1. I hear the vuvuzela in my sleep.
That’s the buzzing horn that South African soccer fans play. I hear it from the TV as well. One of the nicer things about working from home right now, is that I can listen to or watch a good chunk of the World Cup. I have been hearing it from the TV all morning. Netherlands 2, Denmark 0. Netherlands looked great, but not as good as the Germans did Sunday.
I am totally sucked in by the World Cup.
2. Full disclosure: I am not a huge “soccer guy.” I am a baseball, football and wrestling guy, and I actually enjoy rugby more than soccer. But soccer’s not a hard game to watch, and I find myself learning more and more as I watch it. As a sports writer, I tend to suck up details like a sponge, and I am really paying attention to this.
3. The basic information right now is that there are two or three games a day from now until June 25. Eight groups of four teams. Top two advance to what Americans would call the quarterfinals and the rest of the world calls “the knockout stage” or the Round of 16. Most matches on ESPN at 7:30 a.m., 10 a.m. and 2:30 p.m. (If you live in the Albany area, I highly recommend taking in a match at Wolff’s Bier Garten. Great place to watch). If you live in any kind of ethnic neighborhood, get out to watch a game in a bar or anywhere else showing it. It’ll be amazing.
4. Soccer, or “football” in most other places, fascinates me. It’s such a world-wide game, and the World Cup has a history even more rich than baseball, and you know how I feel about that. It’s a game that makes political statements and economic statements. It’s a simple game that becomes much more complex when you get to this level. You kick the ball into the goal. Even simpler than baseball.
5. There’s a great book called “Soccernomics” that applies “Freakonomics” theories to soccer, pointing out things such as the fact that the vast majority of English footballers are from working-class families. That’s an even bigger issue in South Africa, in which soccer has pretty much been the “Black” sport and rugby has been the “White” sport. The Springboks, South Africa’s national rugby team, pounded the heck out of France over the weekend. Always a good thing. I highly recommend “Invictus,” the movie about Nelson Mandela and the South Africans hosting and winning the 1995 World Cup rugby. Many parallels to this year, though a different era.

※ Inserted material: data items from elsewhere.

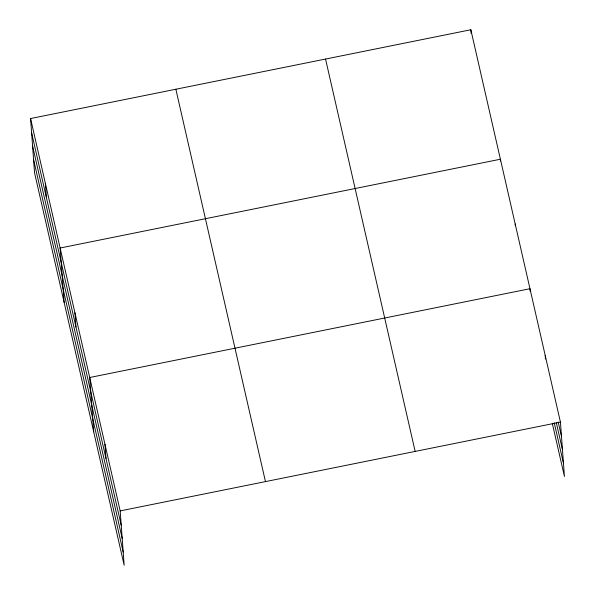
<?xml version="1.0" encoding="UTF-8"?>
<svg xmlns="http://www.w3.org/2000/svg" width="595" height="595" viewBox="0 0 595 595"><rect width="100%" height="100%" fill="white"/><g stroke="black" fill="none" stroke-linecap="round" stroke-linejoin="round"><path stroke-width="0.89" d="M30.568 118.539L120.175 510.912L124.162 565.25L34.562 172.885L30.568 118.539L470.838 29.75L560.438 422.115L564.432 476.461L552.286 423.276M120.175 510.912L560.438 422.115M558.192 421.996L561.487 436.418M556.28 422.591L562.461 449.634M554.198 422.681L563.458 463.245M325.547 59.054L415.154 451.419M175.86 89.243L265.459 481.608M31.624 132.841L121.224 525.207M32.591 146.058L122.191 538.423M33.588 159.668L123.195 552.034M545.206 355.416L545.466 358.993M530.167 291.394L529.974 288.716L89.711 377.505L93.698 431.844M515.188 223.973L515.322 225.758M500.536 161.022L500.402 159.229L60.14 248.018L64.134 302.364M470.838 29.75L471.099 33.327M104.943 444.205L105.992 458.507M74.925 312.762L75.974 327.064M45.354 183.282L46.403 197.577"/></g></svg>
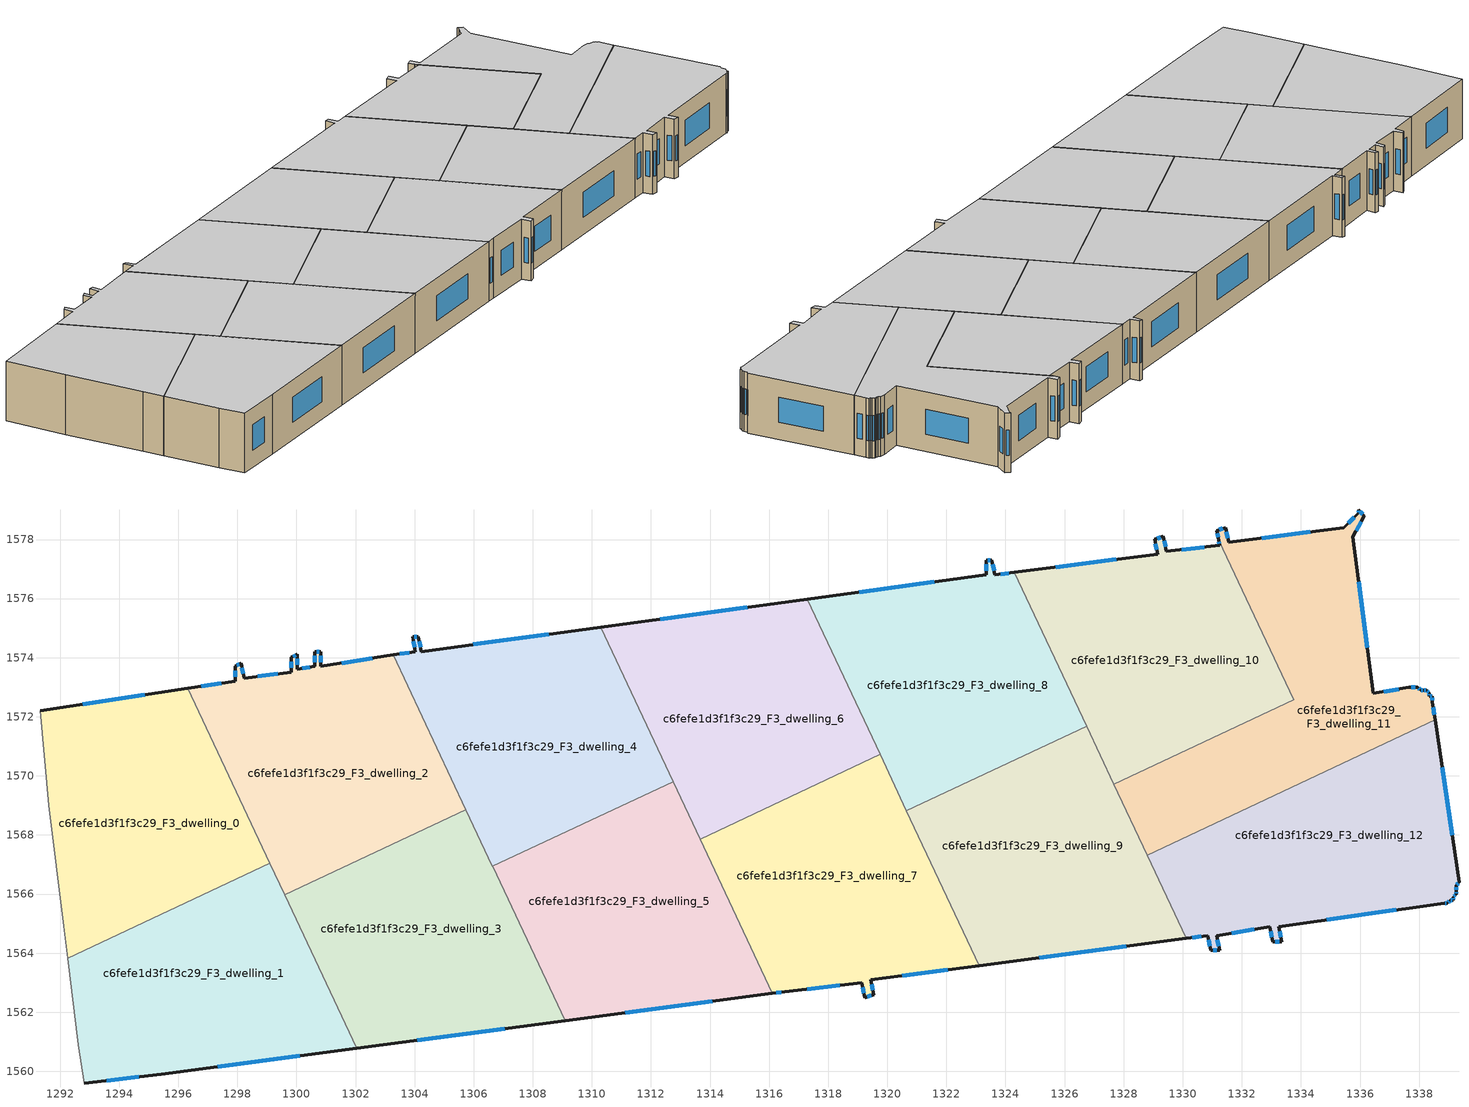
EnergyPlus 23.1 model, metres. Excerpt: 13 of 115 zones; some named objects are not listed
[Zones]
c6fefe1d3f1f3c29_F3_dwelling_0
 floor to c6fefe1d3f1f3c29_F2_dwelling_0 (EU_floor_Construction): 1296.31,1572.96 1299.09,1567.04 1292.25,1563.83 1292.12,1564.9 1291.62,1569.01 1291.32,1572.21 z9
 wall outside (EU_wall_Construction): 1296.31,1572.96 1291.32,1572.21 z9:12
 wall adiabatic (EU_wall_Construction): 1291.32,1572.21 1291.62,1569.01 1292.12,1564.9 1292.25,1563.83 z9:12
 wall to c6fefe1d3f1f3c29_F3_dwelling_1 (EU_wall_Construction): 1292.25,1563.83 1299.09,1567.04 z9:12
 wall to c6fefe1d3f1f3c29_F3_dwelling_2 (EU_wall_Construction): 1299.09,1567.04 1296.31,1572.96 z9:12
 window (EU_Window_Construction): 1294.86,1572.75 1292.77,1572.43 z9.87:11.13
 ceiling to c6fefe1d3f1f3c29_F4_dwelling_0 (EU_floor_Construction): 1299.09,1567.04 1296.31,1572.96 1291.32,1572.21 1291.62,1569.01 1292.12,1564.9 1292.25,1563.83 z12
c6fefe1d3f1f3c29_F3_dwelling_1
 floor to c6fefe1d3f1f3c29_F2_dwelling_1 (EU_floor_Construction): 1299.09,1567.04 1302.03,1560.78 1295.42,1559.9 1292.82,1559.6 1292.62,1560.9 1292.25,1563.83 z9
 wall outside (EU_wall_Construction): 1292.82,1559.6 1295.42,1559.9 1302.03,1560.78 z9:12
 wall adiabatic (EU_wall_Construction): 1292.25,1563.83 1292.62,1560.9 1292.82,1559.6 z9:12
 wall to c6fefe1d3f1f3c29_F3_dwelling_3 (EU_wall_Construction): 1302.03,1560.78 1299.6,1565.97 z9:12
 wall to c6fefe1d3f1f3c29_F3_dwelling_2 (EU_wall_Construction): 1299.6,1565.97 1299.09,1567.04 z9:12
 window (EU_Window_Construction): 1293.57,1559.69 1294.66,1559.81 / 1297.34,1560.15 1300.12,1560.52 z9.87:11.13
 ceiling to c6fefe1d3f1f3c29_F4_dwelling_1 (EU_floor_Construction): 1302.03,1560.78 1299.09,1567.04 1292.25,1563.83 1292.62,1560.9 1292.82,1559.6 1295.42,1559.9 z12
c6fefe1d3f1f3c29_F3_dwelling_10
 floor to c6fefe1d3f1f3c29_F2_dwelling_10 (EU_floor_Construction): 1331.25,1577.8 1331.21,1577.98 1333.75,1572.57 1327.67,1569.71 1324.3,1576.89 1329.15,1577.5 1329.05,1578 1329.35,1578.1 1329.45,1577.6 z9
 wall outside (EU_wall_Construction): 1331.21,1577.98 1331.25,1577.8 1329.45,1577.6 1329.35,1578.1 1329.05,1578 1329.15,1577.5 1324.3,1576.89 z9:12
 wall to c6fefe1d3f1f3c29_F3_dwelling_11 (EU_wall_Construction): 1327.67,1569.71 1333.75,1572.57 1331.21,1577.98 z9:12
 wall to c6fefe1d3f1f3c29_F3_dwelling_8 (EU_wall_Construction): 1324.3,1576.89 1326.74,1571.68 z9:12
 wall to c6fefe1d3f1f3c29_F3_dwelling_9 (EU_wall_Construction): 1326.74,1571.68 1327.67,1569.71 z9:12
 window (EU_Window_Construction): 1330.73,1577.74 1329.97,1577.66 / 1331.22,1577.93 1331.24,1577.85 / 1327.74,1577.32 1325.71,1577.07 / 1329.08,1577.86 1329.12,1577.65 / 1329.26,1578.07 1329.13,1578.03 / 1329.42,1577.75 1329.38,1577.96 z9.87:11.13
 ceiling to c6fefe1d3f1f3c29_F4_dwelling_10 (EU_floor_Construction): 1333.75,1572.57 1331.21,1577.98 1331.25,1577.8 1329.45,1577.6 1329.35,1578.1 1329.05,1578 1329.15,1577.5 1324.3,1576.89 1327.67,1569.71 z12
c6fefe1d3f1f3c29_F3_dwelling_11
 floor to c6fefe1d3f1f3c29_F2_dwelling_11 (EU_floor_Construction): 1336.15,1578.8 1335.75,1578.1 1336.45,1572.8 1337.65,1573 1337.95,1573 1338.05,1572.9 1338.15,1572.9 1338.25,1572.9 1338.35,1572.8 1338.35,1572.7 1338.45,1572.7 1338.45,1572.5 1338.54,1571.89 1328.79,1567.32 1327.67,1569.71 1333.75,1572.57 1331.21,1577.98 1331.15,1578.3 1331.45,1578.4 1331.55,1577.9 1335.45,1578.4 1335.95,1578.9 1335.95,1579 z9
 wall outside (EU_wall_Construction): 1338.54,1571.89 1338.45,1572.5 1338.45,1572.7 1338.35,1572.7 1338.35,1572.8 1338.25,1572.9 1338.15,1572.9 1338.05,1572.9 1337.95,1573 1337.65,1573 1336.45,1572.8 1335.75,1578.1 1336.15,1578.8 1335.95,1579 1335.95,1578.9 1335.45,1578.4 1331.55,1577.9 1331.45,1578.4 1331.15,1578.3 1331.21,1577.98 z9:12
 wall to c6fefe1d3f1f3c29_F3_dwelling_12 (EU_wall_Construction): 1328.79,1567.32 1338.54,1571.89 z9:12
 wall to c6fefe1d3f1f3c29_F3_dwelling_9 (EU_wall_Construction): 1327.67,1569.71 1328.79,1567.32 z9:12
 window (EU_Window_Construction): 1331.17,1578.21 1331.19,1578.07 / 1331.36,1578.37 1331.24,1578.33 / 1331.52,1578.05 1331.48,1578.26 / 1334.32,1578.26 1332.68,1578.05 / 1335.81,1578.76 1335.6,1578.55 / 1335.95,1578.97 1335.95,1578.93 / 1336.09,1578.86 1336.01,1578.94 / 1335.87,1578.3 1336.04,1578.6 / 1336.25,1574.33 1335.95,1576.56 / 1337.3,1572.94 1336.8,1572.85 / 1337.87,1573 1337.74,1573 / 1338.02,1572.93 1337.98,1572.97 / 1338.12,1572.9 1338.08,1572.9 / 1338.22,1572.9 1338.18,1572.9 / 1338.32,1572.82 1338.28,1572.87 / 1338.35,1572.72 1338.35,1572.77 / 1338.42,1572.7 1338.38,1572.7 / 1338.45,1572.55 1338.45,1572.64 / 1338.52,1572.07 1338.48,1572.32 z9.87:11.13
 ceiling to c6fefe1d3f1f3c29_F4_dwelling_11 (EU_floor_Construction): 1338.54,1571.89 1338.45,1572.5 1338.45,1572.7 1338.35,1572.7 1338.35,1572.8 1338.25,1572.9 1338.15,1572.9 1338.05,1572.9 1337.95,1573 1337.65,1573 1336.45,1572.8 1335.75,1578.1 1336.15,1578.8 1335.95,1579 1335.95,1578.9 1335.45,1578.4 1331.55,1577.9 1331.45,1578.4 1331.15,1578.3 1331.21,1577.98 1333.75,1572.57 1327.67,1569.71 1328.79,1567.32 z12
c6fefe1d3f1f3c29_F3_dwelling_12
 floor to c6fefe1d3f1f3c29_F2_dwelling_12 (EU_floor_Construction): 1338.54,1571.89 1339.35,1566.39 1339.25,1566.29 1339.25,1566.09 1339.25,1565.99 1339.15,1565.89 1339.15,1565.79 1339.05,1565.79 1338.95,1565.69 1338.85,1565.69 1333.25,1564.89 1333.35,1564.39 1333.05,1564.39 1332.95,1564.89 1331.14,1564.59 1331.24,1564.09 1330.94,1564.09 1330.84,1564.59 1330.12,1564.5 1328.79,1567.32 z9
 wall outside (EU_wall_Construction): 1330.12,1564.5 1330.84,1564.59 1330.94,1564.09 1331.24,1564.09 1331.14,1564.59 1332.95,1564.89 1333.05,1564.39 1333.35,1564.39 1333.25,1564.89 1338.85,1565.69 1338.95,1565.69 1339.05,1565.79 1339.15,1565.79 1339.15,1565.89 1339.25,1565.99 1339.25,1566.09 1339.25,1566.29 1339.35,1566.39 1338.54,1571.89 z9:12
 wall to c6fefe1d3f1f3c29_F3_dwelling_9 (EU_wall_Construction): 1328.79,1567.32 1330.12,1564.5 z9:12
 window (EU_Window_Construction): 1333.13,1564.39 1333.26,1564.39 / 1332.97,1564.75 1333.02,1564.54 / 1331.67,1564.68 1332.42,1564.81 / 1331.22,1564.24 1331.17,1564.45 / 1331.03,1564.09 1331.16,1564.09 / 1330.87,1564.45 1330.92,1564.24 / 1330.33,1564.52 1330.63,1564.57 / 1339.12,1567.99 1338.78,1570.3 / 1339.28,1566.32 1339.32,1566.36 / 1339.25,1566.15 1339.25,1566.23 / 1339.25,1566.02 1339.25,1566.06 / 1339.18,1565.92 1339.22,1565.96 / 1339.15,1565.82 1339.15,1565.86 / 1339.08,1565.79 1339.12,1565.79 / 1338.98,1565.72 1339.02,1565.76 / 1338.88,1565.69 1338.92,1565.69 / 1334.87,1565.12 1337.23,1565.46 / 1333.32,1564.54 1333.27,1564.75 z9.87:11.13
 ceiling to c6fefe1d3f1f3c29_F4_dwelling_12 (EU_floor_Construction): 1338.95,1565.69 1339.05,1565.79 1339.15,1565.79 1339.15,1565.89 1339.25,1565.99 1339.25,1566.09 1339.25,1566.29 1339.35,1566.39 1338.54,1571.89 1328.79,1567.32 1330.12,1564.5 1330.84,1564.59 1330.94,1564.09 1331.24,1564.09 1331.14,1564.59 1332.95,1564.89 1333.05,1564.39 1333.35,1564.39 1333.25,1564.89 1338.85,1565.69 z12
c6fefe1d3f1f3c29_F3_dwelling_2
 floor to c6fefe1d3f1f3c29_F2_dwelling_2 (EU_floor_Construction): 1303.28,1574.09 1305.74,1568.85 1299.6,1565.97 1296.31,1572.96 1297.92,1573.21 1297.92,1573.71 1298.12,1573.81 1298.22,1573.31 1299.82,1573.51 1299.82,1574.01 1300.03,1574.11 1300.03,1573.61 1300.62,1573.71 1300.62,1574.21 1300.82,1574.21 1300.82,1573.71 z9
 wall outside (EU_wall_Construction): 1303.28,1574.09 1300.82,1573.71 1300.82,1574.21 1300.62,1574.21 1300.62,1573.71 1300.03,1573.61 1300.03,1574.11 1299.82,1574.01 1299.82,1573.51 1298.22,1573.31 1298.12,1573.81 1297.92,1573.71 1297.92,1573.21 1296.31,1572.96 z9:12
 wall to c6fefe1d3f1f3c29_F3_dwelling_3 (EU_wall_Construction): 1299.6,1565.97 1305.74,1568.85 z9:12
 wall to c6fefe1d3f1f3c29_F3_dwelling_4 (EU_wall_Construction): 1305.74,1568.85 1303.28,1574.09 z9:12
 window (EU_Window_Construction): 1300.03,1573.75 1300.03,1573.96 / 1300.45,1573.68 1300.2,1573.64 / 1300.62,1574.06 1300.62,1573.85 / 1300.77,1574.21 1300.68,1574.21 / 1300.82,1573.85 1300.82,1574.06 / 1302.57,1573.98 1301.54,1573.82 / 1297.46,1573.14 1296.78,1573.04 / 1297.92,1573.56 1297.92,1573.35 / 1298.07,1573.78 1297.98,1573.74 / 1298.2,1573.45 1298.15,1573.66 / 1299.36,1573.45 1298.69,1573.37 / 1299.82,1573.86 1299.82,1573.65 / 1299.97,1574.08 1299.88,1574.04 z9.87:11.13
 ceiling to c6fefe1d3f1f3c29_F4_dwelling_2 (EU_floor_Construction): 1305.74,1568.85 1303.28,1574.09 1300.82,1573.71 1300.82,1574.21 1300.62,1574.21 1300.62,1573.71 1300.03,1573.61 1300.03,1574.11 1299.82,1574.01 1299.82,1573.51 1298.22,1573.31 1298.12,1573.81 1297.92,1573.71 1297.92,1573.21 1296.31,1572.96 1299.6,1565.97 z12
c6fefe1d3f1f3c29_F3_dwelling_3
 floor to c6fefe1d3f1f3c29_F2_dwelling_3 (EU_floor_Construction): 1305.74,1568.85 1309.09,1561.71 1302.03,1560.78 1299.6,1565.97 z9
 wall outside (EU_wall_Construction): 1302.03,1560.78 1309.09,1561.71 z9:12
 wall to c6fefe1d3f1f3c29_F3_dwelling_5 (EU_wall_Construction): 1309.09,1561.71 1306.64,1566.94 z9:12
 wall to c6fefe1d3f1f3c29_F3_dwelling_4 (EU_wall_Construction): 1306.64,1566.94 1305.74,1568.85 z9:12
 window (EU_Window_Construction): 1304.08,1561.05 1307.04,1561.44 z9.87:11.13
 ceiling to c6fefe1d3f1f3c29_F4_dwelling_3 (EU_floor_Construction): 1309.09,1561.71 1305.74,1568.85 1299.6,1565.97 1302.03,1560.78 z12
c6fefe1d3f1f3c29_F3_dwelling_4
 floor to c6fefe1d3f1f3c29_F2_dwelling_4 (EU_floor_Construction): 1310.29,1575.03 1312.75,1569.81 1306.64,1566.94 1303.28,1574.09 1304.03,1574.21 1303.93,1574.71 1304.13,1574.71 1304.23,1574.21 z9
 wall outside (EU_wall_Construction): 1310.29,1575.03 1304.23,1574.21 1304.13,1574.71 1303.93,1574.71 1304.03,1574.21 1303.28,1574.09 z9:12
 wall to c6fefe1d3f1f3c29_F3_dwelling_5 (EU_wall_Construction): 1306.64,1566.94 1312.75,1569.81 z9:12
 wall to c6fefe1d3f1f3c29_F3_dwelling_6 (EU_wall_Construction): 1312.75,1569.81 1310.29,1575.03 z9:12
 window (EU_Window_Construction): 1303.81,1574.17 1303.5,1574.12 / 1303.96,1574.56 1304,1574.35 / 1304.07,1574.71 1303.99,1574.71 / 1304.2,1574.35 1304.16,1574.56 / 1308.54,1574.79 1305.99,1574.45 z9.87:11.13
 ceiling to c6fefe1d3f1f3c29_F4_dwelling_4 (EU_floor_Construction): 1312.75,1569.81 1310.29,1575.03 1304.23,1574.21 1304.13,1574.71 1303.93,1574.71 1304.03,1574.21 1303.28,1574.09 1306.64,1566.94 z12
c6fefe1d3f1f3c29_F3_dwelling_5
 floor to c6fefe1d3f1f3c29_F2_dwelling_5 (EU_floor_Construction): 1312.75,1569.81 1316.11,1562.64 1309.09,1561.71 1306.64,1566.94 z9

6. I think this may finally be the turning point for soccer in America, especially is the U.S. team can get out of group play and maybe win a match in the next stage. This is something I h ave been waiting for for about 35 years. When I was in high school, in the mid-70s, was when soccer was just getting started in our town. At that time, it was still a big deal when a really good male athlete chose soccer over football. There was no youth soccer there at the time. That, in my experience, is the key to success. When Joe Morrone got to UConn in 1969, he immediately got the local town to get youth soccer going, and for many years, the local high school dominated boys’ and girls’ soccer in Connecticut and regularly sent players to UConn, which won national championships.
I think the massive publicity for this World Cup, and the great job ESPN is doing, will really raise even more consciousness here.
7. Recommendations on games to watch (remembering what I said in No. 2). Catch any game involving an African team, especially Cameroon, Nigeria and Ghana. Those will be exciting games. Want to see the best in the world? Brazil, Spain and Portugal are the three top-ranked teams. I love to watch the U.S., of course. It’s fun to be an underdog. Team to avoid? North Korea. Bad, bad team. The South Africa matches will be really intense. I like Germany a lot at this point. Tomorrow's best game: Portugal-Ivory Coast at 10 a.m.